_Aim of the exercise_: Find every line in the records below that holds the word "Autodesk", and copy it out.

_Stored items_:

━━━━━━━━━━━━━━━━━━━━━━━━━━━━━━

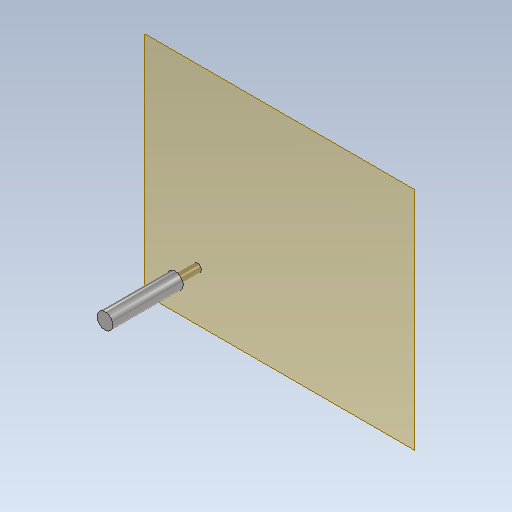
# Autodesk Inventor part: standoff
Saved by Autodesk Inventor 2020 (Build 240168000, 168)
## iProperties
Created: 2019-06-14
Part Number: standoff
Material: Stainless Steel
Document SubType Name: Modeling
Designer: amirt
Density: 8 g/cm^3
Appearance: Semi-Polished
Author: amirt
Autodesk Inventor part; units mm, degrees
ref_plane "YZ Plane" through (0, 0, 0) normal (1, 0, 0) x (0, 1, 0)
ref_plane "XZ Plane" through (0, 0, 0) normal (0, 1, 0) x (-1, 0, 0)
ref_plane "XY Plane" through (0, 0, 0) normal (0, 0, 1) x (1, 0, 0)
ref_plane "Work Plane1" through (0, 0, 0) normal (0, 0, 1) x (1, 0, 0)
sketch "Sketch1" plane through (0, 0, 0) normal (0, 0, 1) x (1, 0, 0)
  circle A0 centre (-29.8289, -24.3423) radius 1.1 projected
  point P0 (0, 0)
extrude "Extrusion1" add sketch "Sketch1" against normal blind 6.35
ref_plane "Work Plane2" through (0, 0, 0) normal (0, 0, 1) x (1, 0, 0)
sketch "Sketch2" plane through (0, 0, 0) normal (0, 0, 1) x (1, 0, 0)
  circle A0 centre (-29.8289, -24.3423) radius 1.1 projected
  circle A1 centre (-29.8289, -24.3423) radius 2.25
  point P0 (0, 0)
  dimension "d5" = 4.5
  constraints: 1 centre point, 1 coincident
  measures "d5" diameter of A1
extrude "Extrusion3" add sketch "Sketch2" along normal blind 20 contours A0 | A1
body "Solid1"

━━━━━━━━━━━━━━━━━━━━━━━━━━━━━━

_Result of the task_:
# Autodesk Inventor part: standoff
Saved by Autodesk Inventor 2020 (Build 240168000, 168)
Autodesk Inventor part; units mm, degrees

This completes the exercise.